_WHAT TO WORK ON_. Report each line from the data below that holds the word "OutputSignals".

_RECORDS PROVIDED_.
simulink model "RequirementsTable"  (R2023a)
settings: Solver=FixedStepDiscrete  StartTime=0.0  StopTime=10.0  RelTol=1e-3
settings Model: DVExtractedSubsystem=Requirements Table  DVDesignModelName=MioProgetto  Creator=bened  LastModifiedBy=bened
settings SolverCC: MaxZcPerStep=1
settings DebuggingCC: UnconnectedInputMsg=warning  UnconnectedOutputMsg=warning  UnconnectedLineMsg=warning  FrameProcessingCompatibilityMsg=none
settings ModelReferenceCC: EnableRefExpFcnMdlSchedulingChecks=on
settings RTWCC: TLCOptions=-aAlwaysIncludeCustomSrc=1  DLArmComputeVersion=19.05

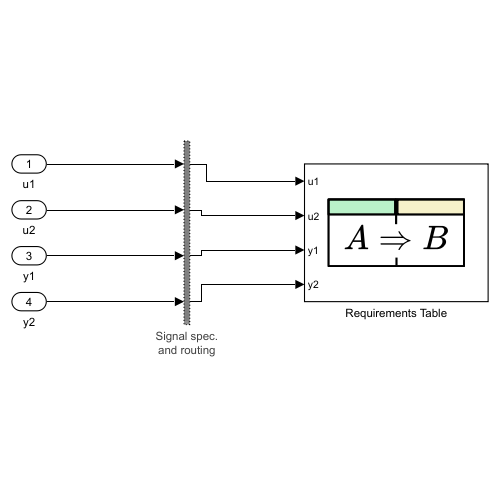
[thumbnail: Simulink's stored preview of the top-level diagram]
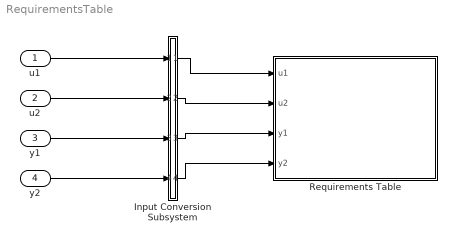
== system RequirementsTable ==
  u1 : Inport  OutDataTypeStr=double  PortDimensions=[1]  SampleTime=[-1, 0]  Interpolate=off
  u2 : Inport  Port=2  OutDataTypeStr=double  PortDimensions=[1]  SampleTime=[-1, 0]  Interpolate=off
  y1 : Inport  Port=3  OutDataTypeStr=double  PortDimensions=[1]  SampleTime=[-1, 0]  Interpolate=off
  y2 : Inport  Port=4  OutDataTypeStr=double  PortDimensions=[1]  SampleTime=[-1, 0]  Interpolate=off
  Input Conversion Subsystem : Subsystem  Tag=__SLT_ICS__  Description=|
      | Signal spec.
      | and routing
      settings: AttributesFormatString=%<Description>
  Requirements Table : Requirements Table  TreatAsAtomicUnit=on
  wires:
  u1/1 -> Input Conversion Subsystem/1(Inport_1)
  u2/1 -> Input Conversion Subsystem/2(Inport_2)
  y1/1 -> Input Conversion Subsystem/3(Inport_3)
  y2/1 -> Input Conversion Subsystem/4(Inport_4)
  Input Conversion Subsystem/1(Outport_1) -> Requirements Table/1(u1)
  Input Conversion Subsystem/2(Outport_2) -> Requirements Table/2(u2)
  Input Conversion Subsystem/3(Outport_3) -> Requirements Table/3(y1)
  Input Conversion Subsystem/4(Outport_4) -> Requirements Table/4(y2)

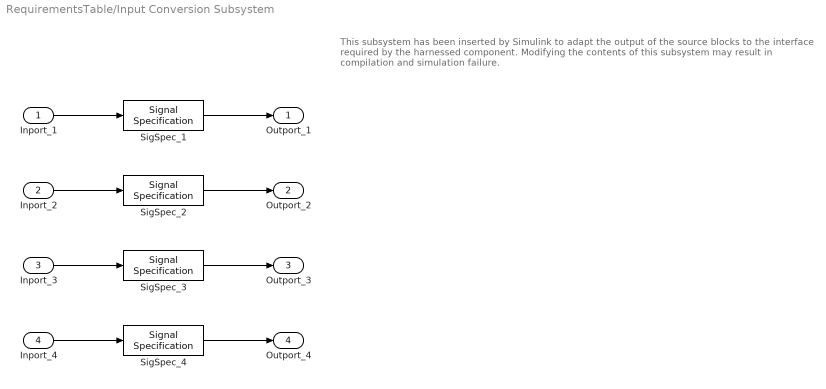
== system RequirementsTable/Input Conversion Subsystem ==
  note: This subsystem has been inserted by Simulink to adapt the output of the source blocks to the interface required by the harnessed component.
      |  Modifying the contents of this subsystem may result in compilation and simulation failure.
  Inport_1 : Inport
  Inport_2 : Inport  Port=2
  Inport_3 : Inport  Port=3
  Inport_4 : Inport  Port=4
  SigSpec_{1..4} (4 alike) : SignalSpecification  OutDataTypeStr=double  Dimensions=[1]  SampleTime=[-1, 0]
  Outport_1 : Outport
  Outport_2 : Outport  Port=2
  Outport_3 : Outport  Port=3
  Outport_4 : Outport  Port=4
  wires:
  SigSpec_1/1 -> Outport_1/1
  Inport_1/1 -> SigSpec_1/1
  SigSpec_2/1 -> Outport_2/1
  Inport_2/1 -> SigSpec_2/1
  SigSpec_3/1 -> Outport_3/1
  Inport_3/1 -> SigSpec_3/1
  SigSpec_4/1 -> Outport_4/1
  Inport_4/1 -> SigSpec_4/1

== stateflow chart RequirementsTable/Requirements Table ==
  (default) -> (junction 1073742737)
  (junction 1073742737) -> (junction 1073742738) : {
      | % SF_REQ_REV_07
      | }
  (junction 1073742738) -> (junction 1073742740) : {
      | % HEADER_ASSIGNMENTS
      |
      | }
  (junction 1073742740) -> (junction 1073742742) : {
      | % START_A_4
      | }
  (junction 1073742742) -> (junction 1073742744) : {
      | }
  (junction 1073742744) -> (junction 1073742746)
  (junction 1073742746) -> (junction 1073742748) : {
      | }
  (junction 1073742748) -> (junction 1073742750) : {
      | % END_A_4
      | }
  (junction 1073742750) -> (junction 1073742752) : {
      | % START_R_7
      | }
  (junction 1073742752) -> (junction 1073742754) : {
      | }
  (junction 1073742754) -> (junction 1073742756)
  (junction 1073742756) -> (junction 1073742758) [order 1] : [(u1==prev(u1)+1)]
  (junction 1073742756) -> (junction 1073742764) [order 2]
  (junction 1073742758) -> (junction 1073742760) : {
      | reqtable_postcondition((y1 == y1+2), 'R:1');
      |
      |
      | }
  (junction 1073742760) -> (junction 1073742762) : {
      | }
  (junction 1073742762) -> (junction 1073742764)
  (junction 1073742764) -> (junction 1073742766)
  (junction 1073742766) -> (junction 1073742768) : {
      | % END_R_7
      | }
  (junction 1073742768) -> (junction 1073742770) : {
      | % START_R_1
      | }
  (junction 1073742770) -> (junction 1073742772) : {
      | }
  (junction 1073742772) -> (junction 1073742774)
  (junction 1073742774) -> (junction 1073742776) [order 1] : [(u2 > 2)]
  (junction 1073742774) -> (junction 1073742782) [order 2]
  (junction 1073742776) -> (junction 1073742778) : {
      |
      |
      | }
  (junction 1073742778) -> (junction 1073742780) : {
      | }
  (junction 1073742780) -> (junction 1073742782)
  (junction 1073742782) -> (junction 1073742784)
  (junction 1073742784) -> (junction 1073742786) : {
      | % END_R_1
      | }
  data: u1 input; u2 input; y1 input; y2 input
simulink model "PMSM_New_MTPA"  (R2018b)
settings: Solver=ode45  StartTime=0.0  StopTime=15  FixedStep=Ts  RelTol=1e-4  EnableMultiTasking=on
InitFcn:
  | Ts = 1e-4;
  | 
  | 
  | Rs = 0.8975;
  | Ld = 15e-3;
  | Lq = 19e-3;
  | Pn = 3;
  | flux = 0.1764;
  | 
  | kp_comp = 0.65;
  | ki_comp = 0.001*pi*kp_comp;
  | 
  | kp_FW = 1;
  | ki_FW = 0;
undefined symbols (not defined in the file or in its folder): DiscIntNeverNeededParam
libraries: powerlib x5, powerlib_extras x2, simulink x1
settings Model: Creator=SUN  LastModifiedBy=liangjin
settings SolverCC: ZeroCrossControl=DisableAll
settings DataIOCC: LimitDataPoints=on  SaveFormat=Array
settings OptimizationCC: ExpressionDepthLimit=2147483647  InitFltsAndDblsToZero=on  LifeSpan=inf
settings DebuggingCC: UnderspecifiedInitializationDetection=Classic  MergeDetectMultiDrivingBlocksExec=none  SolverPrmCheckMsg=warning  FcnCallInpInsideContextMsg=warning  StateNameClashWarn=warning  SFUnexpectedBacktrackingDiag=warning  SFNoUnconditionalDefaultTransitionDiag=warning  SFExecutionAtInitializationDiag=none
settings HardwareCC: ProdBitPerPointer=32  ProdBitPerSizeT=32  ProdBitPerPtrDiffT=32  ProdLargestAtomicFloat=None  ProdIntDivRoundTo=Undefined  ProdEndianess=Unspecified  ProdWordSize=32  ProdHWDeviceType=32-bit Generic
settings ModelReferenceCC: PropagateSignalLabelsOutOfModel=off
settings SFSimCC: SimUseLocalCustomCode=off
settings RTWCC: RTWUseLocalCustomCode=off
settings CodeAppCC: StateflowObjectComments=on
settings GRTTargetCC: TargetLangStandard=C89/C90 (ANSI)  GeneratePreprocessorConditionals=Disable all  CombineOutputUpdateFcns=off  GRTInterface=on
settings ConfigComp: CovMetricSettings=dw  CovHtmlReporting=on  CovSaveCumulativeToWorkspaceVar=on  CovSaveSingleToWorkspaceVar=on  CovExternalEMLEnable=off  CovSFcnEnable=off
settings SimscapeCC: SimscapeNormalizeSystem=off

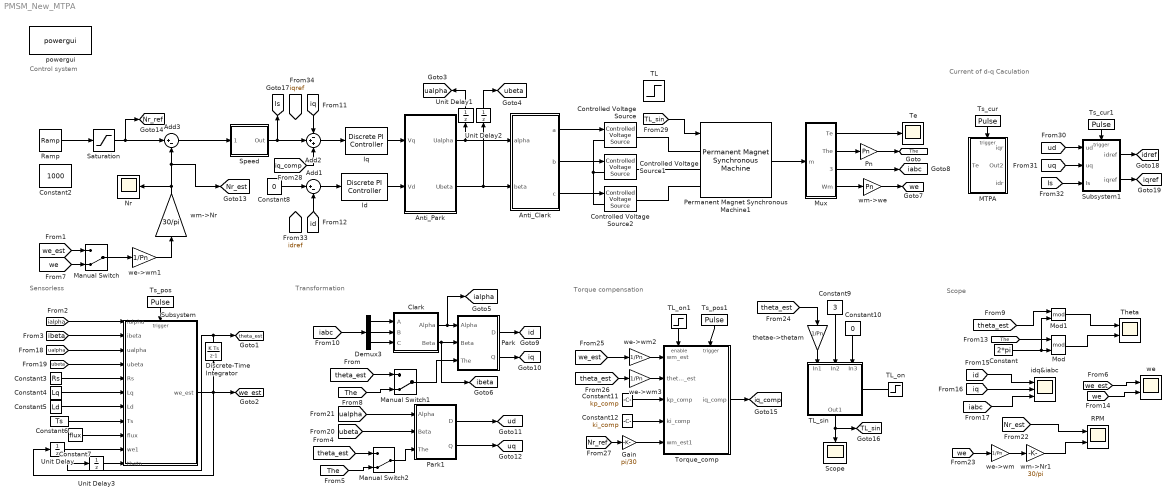
== system PMSM_New_MTPA ==
  note: Torque compensation
  note: Scope
  note: Control system
  note: Transformation
  note: Sensorless
  note: Current of d-q Caculation
  Add1 : Sum  Inputs=|+-
  Add2 : Sum  Inputs=-++
  Add3 : Sum  Inputs=|+-
  Anti_Clark : Subsystem
  Anti_Park : Subsystem
  Clark : Subsystem
  Constant : Constant  Value=2*pi
  Constant10 : Constant  Value=0
  Constant11 : Constant  Value=kp_comp
  Constant12 : Constant  Value=ki_comp
  Constant2 : Constant  Value=1000
  Constant3 : Constant  Value=Rs
  Constant4 : Constant  Value=Lq
  Constant5 : Constant  Value=Ld
  Constant6 : Constant  Value=Ts
  Constant7 : Constant  Value=flux
  Constant8 : Constant  Value=0
  Constant9 : Constant  Value=3
  Controlled Voltage Source : powerlib/Electrical Sources/Controlled Voltage Source  Initialize=on  Source_Type=AC  Amplitude=0  Phase=0  Frequency=0  Measurements=Voltage
      settings: SourceProductName=Simscape Electrical
  Controlled Voltage Source1 : powerlib/Electrical Sources/Controlled Voltage Source  Initialize=on  Source_Type=AC  Amplitude=0  Phase=0  Frequency=0  Measurements=Voltage
      settings: SourceProductName=Simscape Electrical
  Controlled Voltage Source2 : powerlib/Electrical Sources/Controlled Voltage Source  Initialize=on  Source_Type=AC  Amplitude=0  Phase=0  Frequency=0  Measurements=Voltage
      settings: SourceProductName=Simscape Electrical
  Demux3 : Demux  Outputs=3
  Discrete-Time Integrator : DiscreteIntegrator  gainval=1  SampleTime=Ts  ICPrevOutput=DiscIntNeverNeededParam  ICPrevScaledInput=DiscIntNeverNeededParam
  Gain : Gain  Gain=pi/30
  Id : powerlib_extras/Discrete  Control Blocks/Discrete PI Controller  Kp=Ld*376  Ki=Rs*376  Par_Limits=[311*sqrt(1/3) -311*sqrt(1/3)]  Init=0  Ts=Ts
  Iq : powerlib_extras/Discrete  Control Blocks/Discrete PI Controller  Kp=Lq*376  Ki=Rs*376  Par_Limits=[311*sqrt(1/3) -311*sqrt(1/3)]  Init=0  Ts=Ts
  MTPA : Subsystem
  Manual Switch : ManualSwitch  CurrentSetting=0
  Manual Switch1 : ManualSwitch  CurrentSetting=0
  Manual Switch2 : ManualSwitch  CurrentSetting=0
  Mod : Math  Operator=mod  SaturateOnIntegerOverflow=on
  Mod1 : Math  Operator=mod  SaturateOnIntegerOverflow=on
  Mux : Subsystem
  Nr : Scope
  Park : Subsystem
  Park1 : Subsystem
  Permanent Magnet Synchronous Machine1 : powerlib/Machines/Permanent Magnet Synchronous Machine  NbPhases=3  FluxDistribution=Sinusoidal  RotorType=Salient-pole  MechanicalLoad=Torque Tm  PresetModel=No  ShowDetailedParameters=on  MeasurementBus=off  Resistance=0.8975  Inductance=8.5e-3  dqInductances=[15e-3,19e-3]  La=0.000835  MachineConstant=Flux linkage established by magnets (V.s)  Flux=0.1764  VoltageCst=95.9863  TorqueCst=0.7938  Flat=120  Mechanical=[0.000311 0.0000001 3]  PolePairs=3  InitialConditions=[0,0, 0,0]  InitialConditions5ph=[0 0 0 0 0 0]  TsPowergui=0  TsBlock=Ts  RefAngle=Aligned with phase A axis (original Park)
  Pn : Gain  Gain=Pn
  RPM : Scope  NumInputPorts=2
  Ramp : simulink/Sources/Ramp  slope=250  start=0  InitialOutput=0
  Saturation : Saturate  UpperLimit=1000  LowerLimit=-1000
  Scope : Scope
  Speed : Subsystem  AncestorBlock=|  DialogController=POWERSYS.PowerSysDialog  mask(Discrete PI Controller){Kpw=0.01, Kiw=0.01*50, Ba=0, Par_Limits=[50 -50], Init=0, Ts=Ts}
      | powerlib_extras/Discrete 
      | Control Blocks/Discrete
      | PI Controller
      mask prompts: Kpw "Proportional gain (Kp):"; Kiw "Integral gain (Ki):"; Ba "feedback gain (Ba)"; Par_Limits "Output limits: [ Upper   Lower ]"; Init "Output initial value:"; Ts "Sample time:"
      mask help: This block implements a discrete PI controller.
      mask init:
      | UpperLimit=Par_Limits(1);
      | LowerLimit=Par_Limits(2);
      | power_initmask();
      mask Help: This block is part of a subset of blocks in the Extras library that does not have documentation associated with it, other than the block mask description.
      mask Display: disp('PI');
  Subsystem : Subsystem
  Subsystem1 : Subsystem
  TL : Step  Time=5  After=7  SampleTime=Ts
  TL_on : Step  Time=5  SampleTime=0
  TL_on1 : Step  Time=5  SampleTime=0
  TL_sin : Subsystem
  Te : Scope
  Theta : Scope  NumInputPorts=2
  Torque_comp : Subsystem
  Ts_cur : DiscretePulseGenerator  PulseType=Time based  Period=Ts  PulseWidth=50
  Ts_cur1 : DiscretePulseGenerator  PulseType=Time based  Period=Ts  PulseWidth=50
  Ts_pos : DiscretePulseGenerator  PulseType=Time based  Period=Ts  PulseWidth=50
  Ts_pos1 : DiscretePulseGenerator  PulseType=Time based  Period=Ts  PulseWidth=50
  Unit Delay{,1..3} (4 alike) : UnitDelay  SampleTime=Ts
  idq&iabc : Scope  NumInputPorts=3
  powergui : powerlib/powergui  SimulationMode=Discrete  SampleTime=1e-5  frequency=60  Iterations=50  frequencyindice=0  Pbase=100e6  ErrMax=1e-4  UnitsV=kV  UnitsW=MW  buscounter=0  FunctionMessages=off  echomessages=off  EnableUseOfTLC=off  CurrentSourceSwitches=off  DisableSnubberDevices=off  DisableRonSwitches=off  DisableVfSwitches=off  DisplayEquations=off  SolverType=Tustin/Backward Euler (TBE)  Interpol=off  ExternalGateDelay=off  methode=off  Ts=100  x0status=blocks  SPID=off  SwTol=0  HookPort=off  RestoreLinks=warning  ResistiveCurrentMeasurement=off  Frange=[0:2:500]  Ylog=off  Xlog=on  ShowGrid=off  save=off  variable=ZData  structure=0  ZoomFFT=on  StartTime=0.0  cycles=1  DisplayStyle=1  fundamental=60  FreqAxis=off  MaxFrequency=1000  frequencyindicesteady=1  RmsSteady=1  display=off
  thetae->thetam : Gain  Gain=1/Pn
  we : Scope  NumInputPorts=2
  we->wm{,1..3} (4 alike) : Gain  Gain=1/Pn
  wm->Nr : Gain  Gain=30/pi
  wm->Nr1 : Gain  Gain=30/pi
  wm->we : Gain  Gain=Pn
  tag scope: Is=global, Nr_est=global, Nr_ref=global, TL_sin=global, The=global, iabc=global, ialpha=global, ibeta=global, id=global, idref=global, iq=global, iq_comp=global, iqref=global, theta_est=global, ualpha=global, ubeta=global, ud=global, uq=global, we=global, we_est=global
  wires:
  Permanent Magnet Synchronous Machine1/1 -> Mux/1(m)
  Add3/1 -> Speed/1(Error)
  wm->Nr/1 -> [Nr_est], Add3/2, Nr/1
  Mux/1(Te) -> Te/1
  Mux/2(The) -> Pn/1
  Pn/1 -> [The]
  Mux/4(Wm) -> wm->we/1
  Mux/3(Iabc) -> [iabc]
  Clark/1(Alpha) -> [ialpha], Park/1(Alpha)
  Demux3/1 -> Clark/1(A)
  Demux3/2 -> Clark/2(B)
  Demux3/3 -> Clark/3(C)
  Clark/2(Beta) -> Park/2(Beta), [ibeta]
  Iq/1 -> Anti_Park/1(Vq)
  Id/1 -> Anti_Park/2(Vd)
  Anti_Clark/2(b) -> Controlled Voltage Source1/1
  Anti_Clark/3(c) -> Controlled Voltage Source2/1
  Constant/1 -> Mod1/2, Mod/2
  Mod/1 -> Theta/2
  wm->we/1 -> [we]
  Ramp/1 -> Saturation/1
  we->wm1/1 -> wm->Nr/1
  Anti_Park/1(Ualpha) -> Unit Delay1/1, Anti_Clark/1(alpha)
  Anti_Park/2(Ubeta) -> Unit Delay2/1, Anti_Clark/2(beta)
  [we_est] -> we/1
  [we_est] -> Manual Switch/1
  [we] -> Manual Switch/2
  [theta_est] -> Manual Switch1/1
  Manual Switch1/1 -> Park/3(The)
  [The] -> Manual Switch1/2
  Park/1(D) -> [id]
  Park/2(Q) -> [iq]
  [The] -> Mod/1
  [id] -> idq&iabc/1
  [iq] -> idq&iabc/2
  [iabc] -> idq&iabc/3
  [id] -> Add1/2
  [iq] -> Add2/1
  Manual Switch/1 -> we->wm1/1
  [The] -> Manual Switch2/2
  Manual Switch2/1 -> Park1/3(The)
  [theta_est] -> Manual Switch2/1
  [ubeta] -> Park1/2(Beta)
  [ualpha] -> Park1/1(Alpha)
  Park1/1(D) -> [ud]
  Park1/2(Q) -> [uq]
  Unit Delay1/1 -> [ualpha]
  Unit Delay2/1 -> [ubeta]
  Subsystem/1(we_est) -> Discrete-Time Integrator/1, [we_est], Unit Delay/1
  Constant3/1 -> Subsystem/5(Rs)
  Constant4/1 -> Subsystem/6(Lq)
  Constant5/1 -> Subsystem/7(Ld)
  Constant6/1 -> Subsystem/8(Ts)
  Constant7/1 -> Subsystem/9(flux)
  Unit Delay/1 -> Subsystem/10(we1)
  Ts_pos/1 -> Subsystem/Trigger
  Unit Delay3/1 -> Subsystem/11(theta)
  [theta_est] -> Mod1/1
  Mod1/1 -> Theta/1
  [iabc] -> Demux3/1
  Discrete-Time Integrator/1 -> [theta_est], Unit Delay3/1
  Anti_Clark/1(a) -> Controlled Voltage Source/1
  [ialpha] -> Subsystem/1(ialpha)
  [ibeta] -> Subsystem/2(ibeta)
  [ualpha] -> Subsystem/3(ualpha)
  [ubeta] -> Subsystem/4(ubeta)
  [we] -> we->wm/1
  we->wm/1 -> wm->Nr1/1
  wm->Nr1/1 -> RPM/2
  [Nr_est] -> RPM/1
  Saturation/1 -> [Nr_ref], Add3/1
  Ts_cur/1 -> MTPA/Trigger
  Add2/1 -> Iq/1
  Add1/1 -> Id/1
  [we] -> we/2
  [theta_est] -> thetae->thetam/1
  thetae->thetam/1 -> TL_sin/1(In1)
  Constant9/1 -> TL_sin/2(In2)
  Constant10/1 -> TL_sin/3(In3)
  TL_on/1 -> TL_sin/Enable
  Speed/1(Out) -> Add2/2, [Is]
  TL_sin/1(Out1) -> [TL_sin], Scope/1
  we->wm2/1 -> Torque_comp/1(wm_est)
  we->wm3/1 -> Torque_comp/2(thetam_est)
  Constant11/1 -> Torque_comp/3(kp_comp)
  Constant12/1 -> Torque_comp/4(ki_comp)
  Torque_comp/1(iq_comp) -> [iq_comp]
  [Nr_ref] -> Gain/1
  Gain/1 -> Torque_comp/5(wm_est1)
  Ts_pos1/1 -> Torque_comp/Trigger
  TL_on1/1 -> Torque_comp/Enable
  [we_est] -> we->wm2/1
  [theta_est] -> we->wm3/1
  [ud] -> Subsystem1/1(ud)
  [uq] -> Subsystem1/2(uq)
  [Is] -> Subsystem1/3(Is)
  Ts_cur1/1 -> Subsystem1/Trigger
  Subsystem1/1(idref) -> [idref]
  Subsystem1/2(iqref) -> [iqref]
  Constant8/1 -> Add1/1
  [iq_comp] -> Add2/3
  [TL_sin] -> Permanent Magnet Synchronous Machine1/1
  connections:
  Controlled Voltage Source/LConn1 -- Controlled Voltage Source2/LConn1 -- Controlled Voltage Source1/LConn1
  Controlled Voltage Source/RConn1 -- Permanent Magnet Synchronous Machine1/LConn1
  Controlled Voltage Source1/RConn1 -- Permanent Magnet Synchronous Machine1/LConn2
  Controlled Voltage Source2/RConn1 -- Permanent Magnet Synchronous Machine1/LConn3

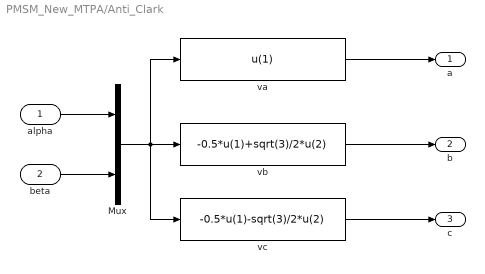
== system PMSM_New_MTPA/Anti_Clark ==
  alpha : Inport
  beta : Inport  Port=2
  Mux : Mux  Inputs=2
  va : Fcn  Expr=u(1)
  vb : Fcn  Expr=-0.5*u(1)+sqrt(3)/2*u(2)
  vc : Fcn  Expr=-0.5*u(1)-sqrt(3)/2*u(2)
  a : Outport
  b : Outport  Port=2
  c : Outport  Port=3
  wires:
  va/1 -> a/1
  beta/1 -> Mux/2
  alpha/1 -> Mux/1
  Mux/1 -> vc/1, vb/1, va/1
  vb/1 -> b/1
  vc/1 -> c/1

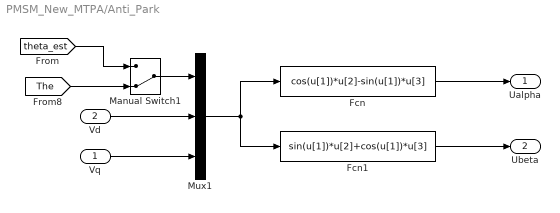
== system PMSM_New_MTPA/Anti_Park ==
  Vq : Inport
  Vd : Inport  Port=2
  Fcn : Fcn  Expr=cos(u[1])*u[2]-sin(u[1])*u[3]
  Fcn1 : Fcn  Expr=sin(u[1])*u[2]+cos(u[1])*u[3]
  Manual Switch1 : ManualSwitch  CurrentSetting=0
  Mux1 : Mux  Inputs=3
  Ualpha : Outport
  Ubeta : Outport  Port=2
  wires:
  Fcn1/1 -> Ubeta/1
  Fcn/1 -> Ualpha/1
  Mux1/1 -> Fcn/1, Fcn1/1
  Vd/1 -> Mux1/2
  Vq/1 -> Mux1/3
  Manual Switch1/1 -> Mux1/1
  [The] -> Manual Switch1/2
  [theta_est] -> Manual Switch1/1

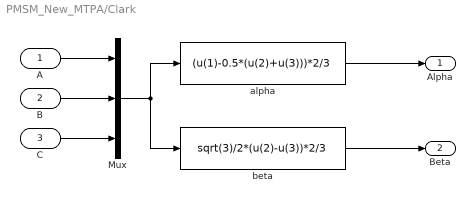
== system PMSM_New_MTPA/Clark ==
  A : Inport
  B : Inport  Port=2
  C : Inport  Port=3
  Mux : Mux  Inputs=3
  alpha : Fcn  Expr=(u(1)-0.5*(u(2)+u(3)))*2/3
  beta : Fcn  Expr=sqrt(3)/2*(u(2)-u(3))*2/3
  Alpha : Outport
  Beta : Outport  Port=2
  wires:
  alpha/1 -> Alpha/1
  B/1 -> Mux/2
  C/1 -> Mux/3
  A/1 -> Mux/1
  Mux/1 -> beta/1, alpha/1
  beta/1 -> Beta/1

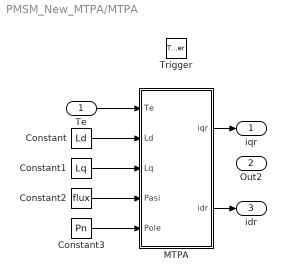
== system PMSM_New_MTPA/MTPA ==
  Te : Inport
  Trigger : TriggerPort  VariantControl=Variant  PortDimensions=1
  Constant : Constant  Value=Ld
  Constant1 : Constant  Value=Lq
  Constant2 : Constant  Value=flux
  Constant3 : Constant  Value=Pn
  MTPA : MATLAB Function  TreatAsAtomicUnit=on
  iqr : Outport
  Out2 : Outport  Port=2
  idr : Outport  Port=3
  wires:
  MTPA/2(idr) -> idr/1
  MTPA/1(iqr) -> iqr/1
  Te/1 -> MTPA/1(Te)
  Constant/1 -> MTPA/2(Ld)
  Constant1/1 -> MTPA/3(Lq)
  Constant3/1 -> MTPA/5(Pole)
  Constant2/1 -> MTPA/4(Pasi)

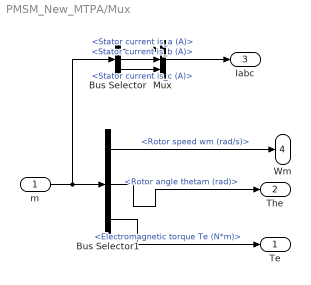
== system PMSM_New_MTPA/Mux ==
  m : Inport
  Bus Selector : BusSelector  OutputSignals=Stator current is_a (A),Stator current is_b (A),Stator current is_c (A)
  Bus Selector1 : BusSelector  OutputSignals=Rotor speed wm (rad/s),Rotor angle thetam (rad),Electromagnetic torque Te (N*m)
  Mux : Mux  Inputs=3
  Te : Outport
  The : Outport  Port=2
  Iabc : Outport  Port=3
  Wm : Outport  Port=4
  wires:
  Bus Selector1/1 -> Wm/1  "<Rotor speed wm (rad/s)>"
  Bus Selector1/2 -> The/1  "<Rotor angle thetam (rad)>"
  Bus Selector1/3 -> Te/1  "<Electromagnetic torque Te (N*m)>"
  m/1 -> Bus Selector/1, Bus Selector1/1
  Bus Selector/2 -> Mux/2  "<Stator current is_b (A)>"
  Bus Selector/3 -> Mux/3  "<Stator current is_c (A)>"
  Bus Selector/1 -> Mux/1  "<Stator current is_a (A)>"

_ANSWER FOR THIS EXERCISE_.
  Bus Selector : BusSelector  OutputSignals=Stator current is_a (A),Stator current is_b (A),Stator current is_c (A)
  Bus Selector1 : BusSelector  OutputSignals=Rotor speed wm (rad/s),Rotor angle thetam (rad),Electromagnetic torque Te (N*m)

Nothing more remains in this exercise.